Das Windturbinen-Werk von Siemens Gamesa in Cuxhaven zählt zu den weltweit modernsten und größten seiner Art. Das ist bekannt. Weniger bekannt ist, dass auf dem weitläufigen Gelände auch eine der größten Rauchschwalben-Populationen Norddeutschlands lebt. Betreut werden sie von Alexander Reiss (57), der seit acht Jahren als Umweltfachkraft für das Unternehmen arbeitet.

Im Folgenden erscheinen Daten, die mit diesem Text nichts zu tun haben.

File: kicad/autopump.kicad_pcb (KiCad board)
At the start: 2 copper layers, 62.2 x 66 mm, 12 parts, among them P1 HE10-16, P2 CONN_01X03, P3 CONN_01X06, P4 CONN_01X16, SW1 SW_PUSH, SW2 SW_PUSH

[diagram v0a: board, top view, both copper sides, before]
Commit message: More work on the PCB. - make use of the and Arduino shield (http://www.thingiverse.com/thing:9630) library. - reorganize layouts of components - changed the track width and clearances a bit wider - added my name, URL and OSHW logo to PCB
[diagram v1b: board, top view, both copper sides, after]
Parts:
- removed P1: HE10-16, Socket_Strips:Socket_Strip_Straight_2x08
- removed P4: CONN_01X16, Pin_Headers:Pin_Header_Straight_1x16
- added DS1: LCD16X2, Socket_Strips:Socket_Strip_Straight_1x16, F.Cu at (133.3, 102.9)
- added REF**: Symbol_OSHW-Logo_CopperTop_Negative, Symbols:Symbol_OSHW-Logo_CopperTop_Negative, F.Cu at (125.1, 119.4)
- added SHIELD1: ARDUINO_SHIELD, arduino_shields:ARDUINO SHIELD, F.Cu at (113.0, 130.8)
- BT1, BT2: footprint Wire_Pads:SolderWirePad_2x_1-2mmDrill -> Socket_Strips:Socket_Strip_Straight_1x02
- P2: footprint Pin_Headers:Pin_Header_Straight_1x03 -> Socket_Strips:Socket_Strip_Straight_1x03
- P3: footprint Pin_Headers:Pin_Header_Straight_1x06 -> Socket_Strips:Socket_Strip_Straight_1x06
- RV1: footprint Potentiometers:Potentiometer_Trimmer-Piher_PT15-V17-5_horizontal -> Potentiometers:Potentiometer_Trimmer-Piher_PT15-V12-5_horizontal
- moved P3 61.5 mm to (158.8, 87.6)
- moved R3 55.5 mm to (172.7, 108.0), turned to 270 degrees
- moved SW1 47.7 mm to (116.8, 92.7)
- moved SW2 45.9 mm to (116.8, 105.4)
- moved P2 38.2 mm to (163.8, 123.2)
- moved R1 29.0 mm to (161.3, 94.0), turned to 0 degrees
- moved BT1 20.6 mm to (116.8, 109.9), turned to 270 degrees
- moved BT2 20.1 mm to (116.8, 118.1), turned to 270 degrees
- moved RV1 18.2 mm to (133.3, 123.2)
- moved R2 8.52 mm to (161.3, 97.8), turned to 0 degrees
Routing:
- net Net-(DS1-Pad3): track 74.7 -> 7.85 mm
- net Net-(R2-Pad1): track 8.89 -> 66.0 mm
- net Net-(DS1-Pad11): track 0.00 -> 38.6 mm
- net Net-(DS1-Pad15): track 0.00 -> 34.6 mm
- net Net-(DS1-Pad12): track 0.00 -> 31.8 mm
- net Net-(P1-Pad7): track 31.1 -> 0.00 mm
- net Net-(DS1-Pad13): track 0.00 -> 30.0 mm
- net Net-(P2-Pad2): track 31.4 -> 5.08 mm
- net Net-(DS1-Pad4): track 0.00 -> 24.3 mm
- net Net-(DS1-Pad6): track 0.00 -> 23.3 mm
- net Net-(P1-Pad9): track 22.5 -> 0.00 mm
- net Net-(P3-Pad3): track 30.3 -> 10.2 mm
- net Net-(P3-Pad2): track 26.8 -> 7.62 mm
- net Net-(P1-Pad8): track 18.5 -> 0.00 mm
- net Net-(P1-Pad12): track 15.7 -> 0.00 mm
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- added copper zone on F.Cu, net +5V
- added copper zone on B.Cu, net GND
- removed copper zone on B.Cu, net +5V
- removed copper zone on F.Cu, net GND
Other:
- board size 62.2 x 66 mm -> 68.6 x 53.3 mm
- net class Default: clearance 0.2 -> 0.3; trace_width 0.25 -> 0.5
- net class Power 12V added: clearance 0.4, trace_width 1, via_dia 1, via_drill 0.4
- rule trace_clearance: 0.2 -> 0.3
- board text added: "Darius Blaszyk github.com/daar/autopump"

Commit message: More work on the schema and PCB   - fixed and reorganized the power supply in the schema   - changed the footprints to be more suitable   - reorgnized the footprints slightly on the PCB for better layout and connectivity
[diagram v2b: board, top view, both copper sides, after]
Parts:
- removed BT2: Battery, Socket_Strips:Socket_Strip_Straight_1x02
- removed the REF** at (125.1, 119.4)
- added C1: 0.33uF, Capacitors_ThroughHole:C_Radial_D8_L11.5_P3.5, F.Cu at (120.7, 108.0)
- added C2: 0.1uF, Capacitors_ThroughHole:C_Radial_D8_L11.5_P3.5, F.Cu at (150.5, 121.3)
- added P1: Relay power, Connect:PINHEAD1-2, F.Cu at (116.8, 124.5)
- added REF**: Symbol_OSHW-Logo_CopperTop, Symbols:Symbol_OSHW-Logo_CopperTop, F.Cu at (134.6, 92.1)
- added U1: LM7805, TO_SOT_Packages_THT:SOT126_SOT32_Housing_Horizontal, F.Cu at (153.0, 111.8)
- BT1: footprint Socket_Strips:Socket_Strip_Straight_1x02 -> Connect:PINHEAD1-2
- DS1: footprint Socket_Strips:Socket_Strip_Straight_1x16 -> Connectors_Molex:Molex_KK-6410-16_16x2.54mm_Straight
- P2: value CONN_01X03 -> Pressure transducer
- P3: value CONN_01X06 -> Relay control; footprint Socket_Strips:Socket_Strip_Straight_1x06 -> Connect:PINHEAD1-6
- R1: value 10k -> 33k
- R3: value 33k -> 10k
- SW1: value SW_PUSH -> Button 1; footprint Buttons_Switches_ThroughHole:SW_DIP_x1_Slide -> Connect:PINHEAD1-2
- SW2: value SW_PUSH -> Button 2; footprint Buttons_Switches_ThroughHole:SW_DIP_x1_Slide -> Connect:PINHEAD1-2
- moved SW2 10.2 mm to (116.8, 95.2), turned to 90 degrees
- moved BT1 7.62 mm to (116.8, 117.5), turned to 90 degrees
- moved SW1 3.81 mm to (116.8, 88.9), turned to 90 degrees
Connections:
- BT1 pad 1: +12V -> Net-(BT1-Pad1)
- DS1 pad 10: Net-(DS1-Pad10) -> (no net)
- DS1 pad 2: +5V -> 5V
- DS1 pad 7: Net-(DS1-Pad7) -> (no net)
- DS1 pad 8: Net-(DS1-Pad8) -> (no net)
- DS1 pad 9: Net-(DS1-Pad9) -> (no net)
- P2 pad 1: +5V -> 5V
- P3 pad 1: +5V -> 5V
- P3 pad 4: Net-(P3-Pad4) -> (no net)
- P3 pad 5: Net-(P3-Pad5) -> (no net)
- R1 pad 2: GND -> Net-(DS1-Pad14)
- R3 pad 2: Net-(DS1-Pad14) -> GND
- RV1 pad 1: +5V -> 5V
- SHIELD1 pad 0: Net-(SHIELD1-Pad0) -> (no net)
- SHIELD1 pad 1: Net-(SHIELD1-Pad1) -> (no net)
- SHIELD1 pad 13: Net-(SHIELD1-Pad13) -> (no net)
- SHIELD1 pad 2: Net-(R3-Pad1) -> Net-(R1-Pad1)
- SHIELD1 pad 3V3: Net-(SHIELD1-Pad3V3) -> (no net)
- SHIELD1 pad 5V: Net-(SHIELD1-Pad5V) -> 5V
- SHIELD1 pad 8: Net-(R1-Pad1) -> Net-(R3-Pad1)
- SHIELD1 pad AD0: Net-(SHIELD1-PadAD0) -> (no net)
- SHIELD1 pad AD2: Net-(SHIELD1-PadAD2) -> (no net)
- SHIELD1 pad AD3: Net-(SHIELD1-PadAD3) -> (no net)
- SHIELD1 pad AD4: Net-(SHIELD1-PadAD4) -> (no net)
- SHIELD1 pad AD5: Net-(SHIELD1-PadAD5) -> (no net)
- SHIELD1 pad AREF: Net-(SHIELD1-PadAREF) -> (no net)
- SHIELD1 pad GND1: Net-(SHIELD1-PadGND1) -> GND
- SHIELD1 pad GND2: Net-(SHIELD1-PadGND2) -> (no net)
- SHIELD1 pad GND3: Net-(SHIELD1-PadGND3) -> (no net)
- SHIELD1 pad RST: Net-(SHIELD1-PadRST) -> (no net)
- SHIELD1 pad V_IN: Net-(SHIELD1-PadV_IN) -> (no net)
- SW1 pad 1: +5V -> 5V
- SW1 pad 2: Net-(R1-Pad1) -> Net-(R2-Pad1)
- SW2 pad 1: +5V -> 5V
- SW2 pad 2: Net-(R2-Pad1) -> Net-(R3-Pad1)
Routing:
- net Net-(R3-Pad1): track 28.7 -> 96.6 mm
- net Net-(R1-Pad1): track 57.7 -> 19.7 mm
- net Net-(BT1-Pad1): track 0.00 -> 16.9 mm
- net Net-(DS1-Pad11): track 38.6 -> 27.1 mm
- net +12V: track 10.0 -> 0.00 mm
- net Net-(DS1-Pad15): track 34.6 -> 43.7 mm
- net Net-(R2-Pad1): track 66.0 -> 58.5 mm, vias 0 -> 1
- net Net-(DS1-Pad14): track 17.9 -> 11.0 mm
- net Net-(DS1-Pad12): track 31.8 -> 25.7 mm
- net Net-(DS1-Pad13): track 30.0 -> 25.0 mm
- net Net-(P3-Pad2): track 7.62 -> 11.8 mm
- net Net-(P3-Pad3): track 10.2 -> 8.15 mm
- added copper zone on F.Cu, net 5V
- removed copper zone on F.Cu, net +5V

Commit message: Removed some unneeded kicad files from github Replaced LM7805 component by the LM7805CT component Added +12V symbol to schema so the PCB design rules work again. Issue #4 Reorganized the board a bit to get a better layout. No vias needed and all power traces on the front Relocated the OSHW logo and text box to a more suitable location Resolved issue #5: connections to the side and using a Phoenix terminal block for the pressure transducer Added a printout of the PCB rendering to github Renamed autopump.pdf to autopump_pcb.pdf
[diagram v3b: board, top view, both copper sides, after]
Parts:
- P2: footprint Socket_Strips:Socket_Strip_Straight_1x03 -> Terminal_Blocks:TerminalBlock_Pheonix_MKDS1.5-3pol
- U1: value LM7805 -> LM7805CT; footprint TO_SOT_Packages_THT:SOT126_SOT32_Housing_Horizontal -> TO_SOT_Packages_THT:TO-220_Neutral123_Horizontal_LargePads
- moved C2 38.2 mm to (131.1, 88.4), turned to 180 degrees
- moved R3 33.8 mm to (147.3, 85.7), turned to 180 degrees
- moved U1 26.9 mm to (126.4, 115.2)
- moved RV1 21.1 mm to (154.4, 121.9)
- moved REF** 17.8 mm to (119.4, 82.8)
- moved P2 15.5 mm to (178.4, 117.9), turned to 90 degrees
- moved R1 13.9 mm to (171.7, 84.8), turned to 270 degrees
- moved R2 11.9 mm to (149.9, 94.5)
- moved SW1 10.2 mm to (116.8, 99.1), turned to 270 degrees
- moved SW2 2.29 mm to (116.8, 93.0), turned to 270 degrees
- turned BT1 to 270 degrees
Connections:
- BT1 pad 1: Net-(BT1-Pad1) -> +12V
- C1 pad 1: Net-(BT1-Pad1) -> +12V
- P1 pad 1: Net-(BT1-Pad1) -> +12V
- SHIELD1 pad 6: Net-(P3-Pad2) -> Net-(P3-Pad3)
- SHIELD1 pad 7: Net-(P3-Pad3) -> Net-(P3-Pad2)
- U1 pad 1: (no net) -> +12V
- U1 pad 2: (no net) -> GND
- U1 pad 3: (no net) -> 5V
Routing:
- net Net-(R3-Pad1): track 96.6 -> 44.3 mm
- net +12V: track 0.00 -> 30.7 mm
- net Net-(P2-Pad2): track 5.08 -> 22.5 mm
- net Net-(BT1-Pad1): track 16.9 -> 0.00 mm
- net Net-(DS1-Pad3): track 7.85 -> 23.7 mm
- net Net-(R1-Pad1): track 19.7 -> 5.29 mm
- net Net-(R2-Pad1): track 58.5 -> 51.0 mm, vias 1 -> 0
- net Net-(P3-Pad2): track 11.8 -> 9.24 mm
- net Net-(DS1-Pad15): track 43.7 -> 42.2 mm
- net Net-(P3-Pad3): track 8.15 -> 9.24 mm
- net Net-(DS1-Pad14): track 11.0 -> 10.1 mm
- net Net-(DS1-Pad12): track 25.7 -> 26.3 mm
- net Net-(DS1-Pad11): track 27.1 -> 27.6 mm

Es begann mit Nestern in einem Logistikzelt

Der Vogel, der auch als Gabel- oder Hausschwalbe bekannt ist, baut seine Nester gern an Durchgängen und früher oft in offenen Rauchabzügen (daher der Name). Bei Siemens Gamesa siedelten sich die Tiere in einem Logistikzelt an und fühlten sich dort offenbar sehr wohl. Alexander Reiss: „Zuletzt waren es rund 25 Nester mit je vier Küken.“

Die Rauchschwalbe (Hirun-do rustica) ist ein klassischer Zugvogel, der im Laufe seines Lebens enorme Strecken zurücklegt. Das hat sie mit Alexander Reiss gemeinsam, denn der gebürtige Berliner ist schon viel herumgekommen. Nach dem Abi machte er zunächst eine Hochbau-Lehre, fuhr danach drei Jahre lang Taxi, studierte im Anschluss Bauwesen und ging Anfang 2001 als Diplom-Ingenieur zu einem großen Bauunternehmen im norwegischen Oslo.

2004 übernahm er einen Job in einem irischen Betonfertigteilwerk unweit von Dublin, zwei Jahre später wurde er Qualitätsmanager in einem ähnlichen Betrieb in Dubai und ab 2007 arbeitete er als Qualitäts- und Arbeitsschutz-Manager in Katar, ehe er 2018 bei Siemens Gamesa in Cuxhaven anheuerte.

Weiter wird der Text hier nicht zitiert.